2. Davacı vekilinin emekli ikramiyesine yönelik temyiz itirazlarına gelince;
4721 Sayılı TMK’nin “edinilmiş mallar” başlıklı 219. maddesinin 2. fıkrasında, sosyal güvenlik veya sosyal yardım kurum ve kuruluşlarının veya personele yardım amacı ile kurulan sandık ve benzerlerinin yaptığı ödemelerin edinilmiş mal grubundan sayıldığı belirtilmiştir. Aynı Kanun’un 228/2. maddesinde ise, eşlerden birine sosyal güvenlik veya sosyal yardım kurumlarınca yapılmış olan toptan ödemeler veya iş gücünün kaybı dolayısıyla ödenmiş olan tazminat, toptan ödeme veya tazminat yerine ilgili sosyal güvenlik veya sosyal yardım kurumunca uygulanan usule göre ömür boyunca irat bağlanmış olsaydı, mal rejiminin sona erdiği tarihte bundan sonraki döneme ait iradın peşin sermayeye çevrilmiş değeri ne olacak idiyse, tasfiyede o miktarın kişisel mal olarak hesaba katılacağı hükmüne yer verilmiştir.
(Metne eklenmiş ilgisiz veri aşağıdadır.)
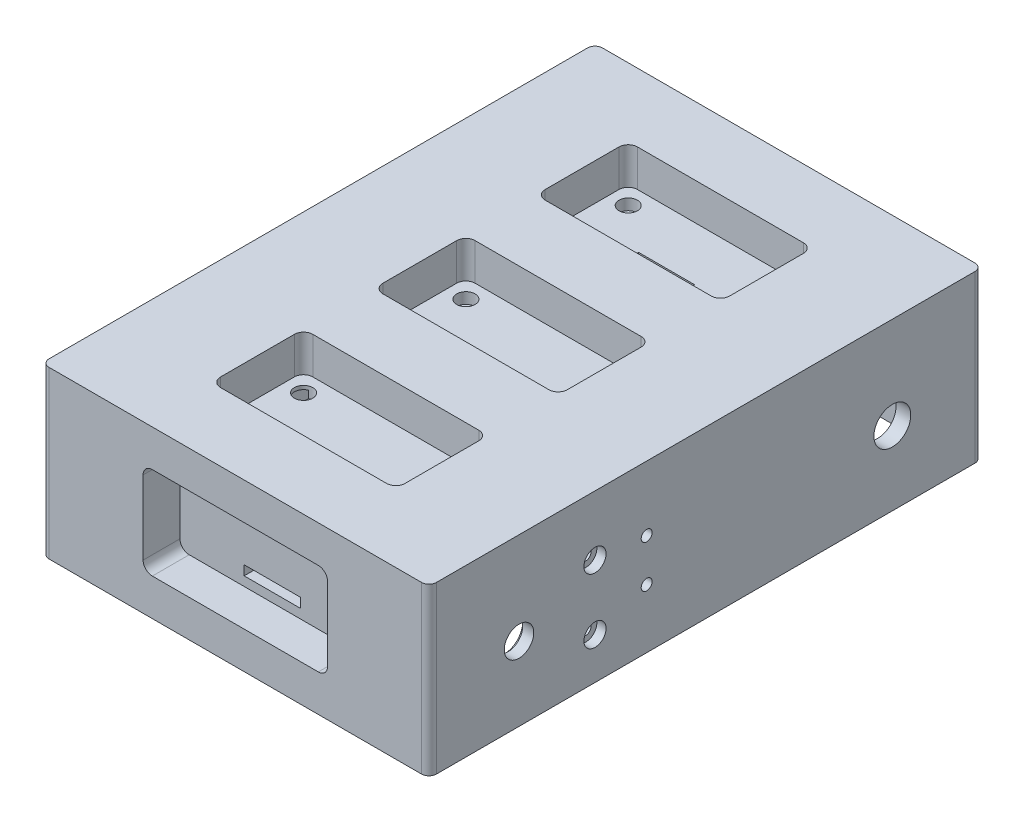
from build123d import *

# Parameters (mm, degrees)
SKETCH_1_W           = 105
SKETCH_1_H           = 150
EXTRUDE_1_DEPTH      = 45
CUT_EXTRUDE_1_DEPTH  = 10
CUT_EXTRUDE_2_DEPTH  = 10
SHELL_1_T            = -4
SKETCH_5_R           = 1.45
SKETCH_5_R_2         = 4
SKETCH_5_R_3         = 5
CUT_EXTRUDE_3_DEPTH  = 15
SKETCH_6_R           = 3
CUT_EXTRUDE_4_DEPTH  = 2.5
CUT_EXTRUDE_START    = -3
SKETCH_10_W          = 5
SKETCH_10_H          = 36.5
CUT_EXTRUDE_15_DEPTH = 100.655315425
SKETCH_11_R          = 5
CUT_EXTRUDE_16_DEPTH = 1
SKETCH_12_R          = 1.45
CUT_EXTRUDE_17_DEPTH = 14
SKETCH_25_W          = 25
SKETCH_25_H          = 11
EXTRUDE_2_DEPTH      = 10
SKETCH_13_R          = 1.45
CUT_EXTRUDE_18_DEPTH = 10
SKETCH_14_R          = 1.45
CUT_EXTRUDE_19_DEPTH = 3
SKETCH_15_R          = 2.5
SKETCH_15_W          = 15.2
SKETCH_15_H          = 2.6
CUT_EXTRUDE_20_DEPTH = 3
SKETCH_16_W          = 14
SKETCH_16_H          = 1.8
CUT_EXTRUDE_21_DEPTH = 3
SKETCH_17_R          = 2.5
SKETCH_17_W          = 15.2
SKETCH_17_H          = 2.6
CUT_EXTRUDE_22_DEPTH = 3
SKETCH_18_W          = 14
SKETCH_18_H          = 1.8
CUT_EXTRUDE_23_DEPTH = 3
SKETCH_19_R          = 2.5
SKETCH_19_W          = 15.2
SKETCH_19_H          = 2.6
CUT_EXTRUDE_24_DEPTH = 3
SKETCH_20_W          = 14
SKETCH_20_H          = 1.8
CUT_EXTRUDE_25_DEPTH = 8
SKETCH_21_W          = 9.5
SKETCH_21_H          = 14.5
CUT_EXTRUDE_26_DEPTH = 4
SKETCH_22_R          = 1.425
CUT_EXTRUDE_27_DEPTH = 9
SKETCH_24_R          = 1.475
CUT_EXTRUDE_28_DEPTH = 137.656503687
FILLET_1_R           = 2


with BuildPart() as part:
    # Эскиз1 → Бобышка-Вытянуть1 (new body)
    with BuildSketch(Plane(origin=(0, 0, 0), x_dir=(1, 0, 0), z_dir=(0, 1, 0))):
        Rectangle(SKETCH_1_W, SKETCH_1_H)
    extrude(amount=EXTRUDE_1_DEPTH)

    # Эскиз2 → Вырез-Вытянуть1 (cut)
    with BuildSketch(Plane.XY.offset(75)):
        with BuildLine():
            Line((-22.5, 10), (22.5, 10))
            ThreePointArc((22.5, 10), (24.267766953, 10.732233047), (25, 12.5))
            Line((25, 12.5), (25, 32.5))
            ThreePointArc((25, 32.5), (24.267766953, 34.267766953), (22.5, 35))
            Line((22.5, 35), (-22.5, 35))
            ThreePointArc((-22.5, 35), (-24.267766953, 34.267766953), (-25, 32.5))
            Line((-25, 32.5), (-25, 12.5))
            ThreePointArc((-25, 12.5), (-24.267766953, 10.732233047), (-22.5, 10))
        make_face()
    cut_extrude_1 = extrude(amount=-CUT_EXTRUDE_1_DEPTH, mode=Mode.SUBTRACT)

    # Эскиз4 → Вырез-Вытянуть2 (cut)
    with BuildSketch(Plane(origin=(0, 45, 0), x_dir=(1, 0, 0), z_dir=(0, 1, 0))):
        with BuildLine():
            Line((-22.5, 31.5), (22.5, 31.5))
            ThreePointArc((22.5, 31.5), (24.267766953, 32.232233047), (25, 34))
            Line((25, 34), (25, 54))
            ThreePointArc((25, 54), (24.267766953, 55.767766953), (22.5, 56.5))
            Line((22.5, 56.5), (-22.5, 56.5))
            ThreePointArc((-22.5, 56.5), (-24.267766953, 55.767766953), (-25, 54))
            Line((-25, 54), (-25, 34))
            ThreePointArc((-25, 34), (-24.267766953, 32.232233047), (-22.5, 31.5))
        make_face()
        with BuildLine():
            Line((-22.5, -12.5), (22.5, -12.5))
            ThreePointArc((22.5, -12.5), (24.267766953, -11.767766953), (25, -10))
            Line((25, -10), (25, 10))
            ThreePointArc((25, 10), (24.267766953, 11.767766953), (22.5, 12.5))
            Line((22.5, 12.5), (-22.5, 12.5))
            ThreePointArc((-22.5, 12.5), (-24.267766953, 11.767766953), (-25, 10))
            Line((-25, 10), (-25, -10))
            ThreePointArc((-25, -10), (-24.267766953, -11.767766953), (-22.5, -12.5))
        make_face()
        with BuildLine():
            Line((-22.5, -56.5), (22.5, -56.5))
            ThreePointArc((22.5, -56.5), (24.267766953, -55.767766953), (25, -54))
            Line((25, -54), (25, -34))
            ThreePointArc((25, -34), (24.267766953, -32.232233047), (22.5, -31.5))
            Line((22.5, -31.5), (-22.5, -31.5))
            ThreePointArc((-22.5, -31.5), (-24.267766953, -32.232233047), (-25, -34))
            Line((-25, -34), (-25, -54))
            ThreePointArc((-25, -54), (-24.267766953, -55.767766953), (-22.5, -56.5))
        make_face()
    extrude(amount=-CUT_EXTRUDE_2_DEPTH, mode=Mode.SUBTRACT)

    # Зеркальное отражение1: Вырез-Вытянуть1 across plane
    add(cut_extrude_1.mirror(Plane.XY), mode=Mode.SUBTRACT)

    # Оболочка1
    shell_1_openings = [part.faces().sort_by_distance(p)[0] for p in [
        (0, 0, 0),
    ]]
    offset(amount=SHELL_1_T, openings=shell_1_openings, kind=Kind.INTERSECTION)

    # Эскиз5 → Вырез-Вытянуть3 (cut)
    with BuildSketch(Plane.ZY.offset(52.5)):
        with Locations((30, 28.75)):
            Circle(SKETCH_5_R)
        with Locations((30, 11.25)):
            Circle(SKETCH_5_R)
        with Locations((50.6, 20)):
            Circle(SKETCH_5_R_2)
        with Locations((-50.6, 20)):
            Circle(SKETCH_5_R_3)
    cut_extrude_3 = extrude(amount=-CUT_EXTRUDE_3_DEPTH, mode=Mode.SUBTRACT)

    # Эскиз6 → Вырез-Вытянуть4 (cut)
    with BuildSketch(Plane.ZY.offset(52.5)):
        with Locations((30, 28.75)):
            Circle(SKETCH_6_R)
        with Locations((30, 11.25)):
            Circle(SKETCH_6_R)
    cut_extrude_4 = extrude(amount=-CUT_EXTRUDE_4_DEPTH, mode=Mode.SUBTRACT)

    # Эскиз10 → Вырез-Вытянуть15 (cut)
    with BuildSketch(Plane(origin=(0, 31, 0), x_dir=(-1, 0, 0), z_dir=(0, -1, 0)).offset(CUT_EXTRUDE_START)):
        with Locations((23.5, -45.75)):
            Rectangle(SKETCH_10_W, SKETCH_10_H)
    cut_extrude_15 = extrude(amount=CUT_EXTRUDE_15_DEPTH, mode=Mode.SUBTRACT)

    # Эскиз11 → Вырез-Вытянуть16 (cut)
    with BuildSketch(Plane(origin=(-48.5, 0, 0), x_dir=(0, 0, -1), z_dir=(1, 0, 0))):
        with Locations((-50.6, 20)):
            Circle(SKETCH_11_R)
    cut_extrude_16 = extrude(amount=-CUT_EXTRUDE_16_DEPTH, mode=Mode.SUBTRACT)

    # Зеркальное отражение2: Вырез-Вытянуть3, Вырез-Вытянуть4, Вырез-Вытянуть15, Вырез-Вытянуть16 across plane
    add(cut_extrude_3.mirror(Plane(origin=(0, 0, 0), x_dir=(0, 0, 1), z_dir=(1, 0, 0))), mode=Mode.SUBTRACT)
    add(cut_extrude_4.mirror(Plane(origin=(0, 0, 0), x_dir=(0, 0, 1), z_dir=(1, 0, 0))), mode=Mode.SUBTRACT)
    add(cut_extrude_15.mirror(Plane(origin=(0, 0, 0), x_dir=(0, 0, 1), z_dir=(1, 0, 0))), mode=Mode.SUBTRACT)
    add(cut_extrude_16.mirror(Plane(origin=(0, 0, 0), x_dir=(0, 0, 1), z_dir=(1, 0, 0))), mode=Mode.SUBTRACT)

    # Эскиз12 → Вырез-Вытянуть17 (cut)
    with BuildSketch(Plane(origin=(0, 6, 0), x_dir=(-1, 0, 0), z_dir=(0, -1, 0))):
        with Locations(Location((-10, -63, 0), (0, 0, 90))):
            Circle(SKETCH_12_R)
        with Locations(Location((10, -63, 0), (0, 0, 90))):
            Circle(SKETCH_12_R)
    extrude(amount=-CUT_EXTRUDE_17_DEPTH, mode=Mode.SUBTRACT)

    # Эскиз25 → Бобышка-Вытянуть2 (add)
    with BuildSketch(Plane.XZ.offset(-31)):
        with Locations((0, 22)):
            Rectangle(SKETCH_25_W, SKETCH_25_H)
    extrude(amount=-EXTRUDE_2_DEPTH)

    # Эскиз13 → Вырез-Вытянуть18 (cut)
    with BuildSketch(Plane(origin=(0, 31, 0), x_dir=(-1, 0, 0), z_dir=(0, -1, 0))):
        with Locations(Location((-9, -25.5, 0), (0, 0, 90))):
            Circle(SKETCH_13_R)
        with Locations(Location((9, -25.5, 0), (0, 0, 90))):
            Circle(SKETCH_13_R)
    extrude(amount=-CUT_EXTRUDE_18_DEPTH, mode=Mode.SUBTRACT)

    # Эскиз14 → Вырез-Вытянуть19 (cut)
    with BuildSketch(Plane(origin=(0, 31, 0), x_dir=(-1, 0, 0), z_dir=(0, -1, 0))):
        with Locations(Location((20, 47.5, 0), (0, 0, 90))):
            Circle(SKETCH_14_R)
        with Locations(Location((20, -7.5, 0), (0, 0, 90))):
            Circle(SKETCH_14_R)
        with Locations(Location((-20, -7.5, 0), (0, 0, 270))):
            Circle(SKETCH_14_R)
        with Locations(Location((-20, 47.5, 0), (0, 0, 270))):
            Circle(SKETCH_14_R)
    extrude(amount=-CUT_EXTRUDE_19_DEPTH, mode=Mode.SUBTRACT)

    # Эскиз15 → Вырез-Вытянуть20 (cut)
    with BuildSketch(Plane(origin=(0, 35, 0), x_dir=(1, 0, 0), z_dir=(0, 1, 0))):
        with Locations(Location((-20, -36.5, 0), (0, 0, 270))):
            Circle(SKETCH_15_R)
        with Locations(Location((20, -36.5, 0), (0, 0, 270))):
            Circle(SKETCH_15_R)
        with Locations(Location((-20, 7.5, 0), (0, 0, 270))):
            Circle(SKETCH_15_R)
        with Locations(Location((20, 7.5, 0), (0, 0, 270))):
            Circle(SKETCH_15_R)
        with Locations(Location((-20, 51.5, 0), (0, 0, 270))):
            Circle(SKETCH_15_R)
        with Locations(Location((20, 51.5, 0), (0, 0, 270))):
            Circle(SKETCH_15_R)
        with Locations((0, -54)):
            Rectangle(SKETCH_15_W, SKETCH_15_H)
        with Locations((0, -8.7)):
            Rectangle(SKETCH_15_W, SKETCH_15_H)
        with Locations((0, 36.6)):
            Rectangle(SKETCH_15_W, SKETCH_15_H)
        with Locations((0, -50)):
            Rectangle(SKETCH_15_W, SKETCH_15_H)
        with Locations((0, -4.7)):
            Rectangle(SKETCH_15_W, SKETCH_15_H)
        with Locations((0, 40.6)):
            Rectangle(SKETCH_15_W, SKETCH_15_H)
    extrude(amount=-CUT_EXTRUDE_20_DEPTH, mode=Mode.SUBTRACT)

    # Эскиз16 → Вырез-Вытянуть21 (cut)
    with BuildSketch(Plane(origin=(0, 32, 0), x_dir=(1, 0, 0), z_dir=(0, 1, 0))):
        with Locations((0, -54)):
            Rectangle(SKETCH_16_W, SKETCH_16_H)
        with Locations((0, -8.7)):
            Rectangle(SKETCH_16_W, SKETCH_16_H)
        with Locations((0, 36.6)):
            Rectangle(SKETCH_16_W, SKETCH_16_H)
        with Locations((0, -50)):
            Rectangle(SKETCH_16_W, SKETCH_16_H)
        with Locations((0, -4.7)):
            Rectangle(SKETCH_16_W, SKETCH_16_H)
        with Locations((0, 40.6)):
            Rectangle(SKETCH_16_W, SKETCH_16_H)
    extrude(amount=-CUT_EXTRUDE_21_DEPTH, mode=Mode.SUBTRACT)

    # Эскиз17 → Вырез-Вытянуть22 (cut)
    with BuildSketch(Plane.XY.offset(65)):
        with Locations((-20, 30)):
            Circle(SKETCH_17_R)
        with Locations((20, 30)):
            Circle(SKETCH_17_R)
        with Locations((0, 13.8)):
            Rectangle(SKETCH_17_W, SKETCH_17_H)
    extrude(amount=-CUT_EXTRUDE_22_DEPTH, mode=Mode.SUBTRACT)

    # Эскиз18 → Вырез-Вытянуть23 (cut)
    with BuildSketch(Plane.XY.offset(62)):
        with Locations((0, 13.8)):
            Rectangle(SKETCH_18_W, SKETCH_18_H)
    extrude(amount=-CUT_EXTRUDE_23_DEPTH, mode=Mode.SUBTRACT)

    # Эскиз19 → Вырез-Вытянуть24 (cut)
    with BuildSketch(Plane(origin=(0, 0, -65), x_dir=(1, 0, 0), z_dir=(0, 0, -1))):
        with Locations(Location((-20, -15, 0), (0, 0, 270))):
            Circle(SKETCH_19_R)
        with Locations(Location((20, -15, 0), (0, 0, 270))):
            Circle(SKETCH_19_R)
        with Locations((0, -31.2)):
            Rectangle(SKETCH_19_W, SKETCH_19_H)
    extrude(amount=-CUT_EXTRUDE_24_DEPTH, mode=Mode.SUBTRACT)

    # Эскиз20 → Вырез-Вытянуть25 (cut)
    with BuildSketch(Plane(origin=(0, 0, -62), x_dir=(1, 0, 0), z_dir=(0, 0, -1))):
        with Locations((0, -31.2)):
            Rectangle(SKETCH_20_W, SKETCH_20_H)
    extrude(amount=-CUT_EXTRUDE_25_DEPTH, mode=Mode.SUBTRACT)

    # Эскиз21 → Вырез-Вытянуть26 (cut)
    with BuildSketch(Plane(origin=(0, 0, -75), x_dir=(1, 0, 0), z_dir=(0, 0, -1))):
        with Locations((42.5, -22.5)):
            Rectangle(SKETCH_21_W, SKETCH_21_H)
    extrude(amount=-CUT_EXTRUDE_26_DEPTH, mode=Mode.SUBTRACT)

    # Эскиз22 → Вырез-Вытянуть27 (cut)
    with BuildSketch(Plane(origin=(0, 0, 0), x_dir=(-1, 0, 0), z_dir=(0, -1, 0))):
        with Locations(Location((-50.5, -73, 0), (0, 0, 90))):
            Circle(SKETCH_22_R)
        with Locations(Location((-50.5, 73, 0), (0, 0, 90))):
            Circle(SKETCH_22_R)
        with Locations(Location((50.5, 73, 0), (0, 0, 90))):
            Circle(SKETCH_22_R)
        with Locations(Location((50.5, -73, 0), (0, 0, 90))):
            Circle(SKETCH_22_R)
        with Locations(Location((0, 73, 0), (0, 0, 90))):
            Circle(SKETCH_22_R)
        with Locations(Location((0, -73, 0), (0, 0, 90))):
            Circle(SKETCH_22_R)
        with Locations(Location((-50.5, 0, 0), (0, 0, 90))):
            Circle(SKETCH_22_R)
        with Locations(Location((50.5, 0, 0), (0, 0, 90))):
            Circle(SKETCH_22_R)
    extrude(amount=-CUT_EXTRUDE_27_DEPTH, mode=Mode.SUBTRACT)

    # Эскиз24 → Вырез-Вытянуть28 (cut, through all)
    with BuildSketch(Plane.ZY.offset(52.5)):
        with Locations((16, 16)):
            Circle(SKETCH_24_R)
        with Locations((16, 27.5)):
            Circle(SKETCH_24_R)
    extrude(amount=-CUT_EXTRUDE_28_DEPTH, mode=Mode.SUBTRACT)

    # Скругление1
    fillet_1_edges = [part.edges().sort_by_distance(p)[0] for p in [
        (52.5, 22.5, 75),
        (-52.5, 22.5, 75),
        (-52.5, 22.5, -75),
        (52.5, 22.5, -75),
    ]]
    fillet(fillet_1_edges, radius=FILLET_1_R)


solid = part.part

Mal rejiminin devamı sırasında, emeklilik ikramiyesinin toptan ödenmesi durumunda; öncelikle ödeme tarihi itibarıyla TRHA (Türkiye Hayat Annüite Tablosu) 2010 yaşam tablosundan yararlanılarak, emekli olan eşin ortalama bakiye yaşam süresi bulunarak, ödeme günlük irat şeklinde yapılsaydı her bir güne karşılık gelen miktar saptanır. Bundan sonra, irat şeklindeki günlük ödeme miktarı, mal rejiminin sona erdiği 19.02.2014 tarihinden sonraki kalan günler ile çarpılarak, bulunacak bu miktarın peşin sermayeye çevrilmiş değeri hesaplanır.
Mal rejiminin sona ermesinden sonraki döneme isabet eden ödemenin açıklanan yöntemle hesaplanan peşin sermaye çevrilmiş değeri, emekli olan eşin kişisel malı sayılır. Ödenen toplam emeklilik ikramiyesinden, kişisel mal sayılan bu miktar çıkarıldıktan sonra, kalan miktar edinilmiş mal (artık değer) kabul edilerek tasfiye sırasında göz önünde bulundurulur.
Emeklilik ikramiyesinin tasfiyeye konu edilmesi için mal rejiminin sona erdiği sırada mevcut olması (TMK mad.235/1) ya da bu para kullanılarak başka bir mal varlığına sahip olunmalıdır. Söz konusu gelir kullanılarak satın alınan mal varlıkların tasfiyesinde de aynı kurallar geçerli olacaktır.
Hemen belirtmek gerekir ki, yukarıda açıklanan hesaplama yöntemi mal rejiminin ölüm dışındaki nedenlerle sona ermesi hallerinde uygulanır.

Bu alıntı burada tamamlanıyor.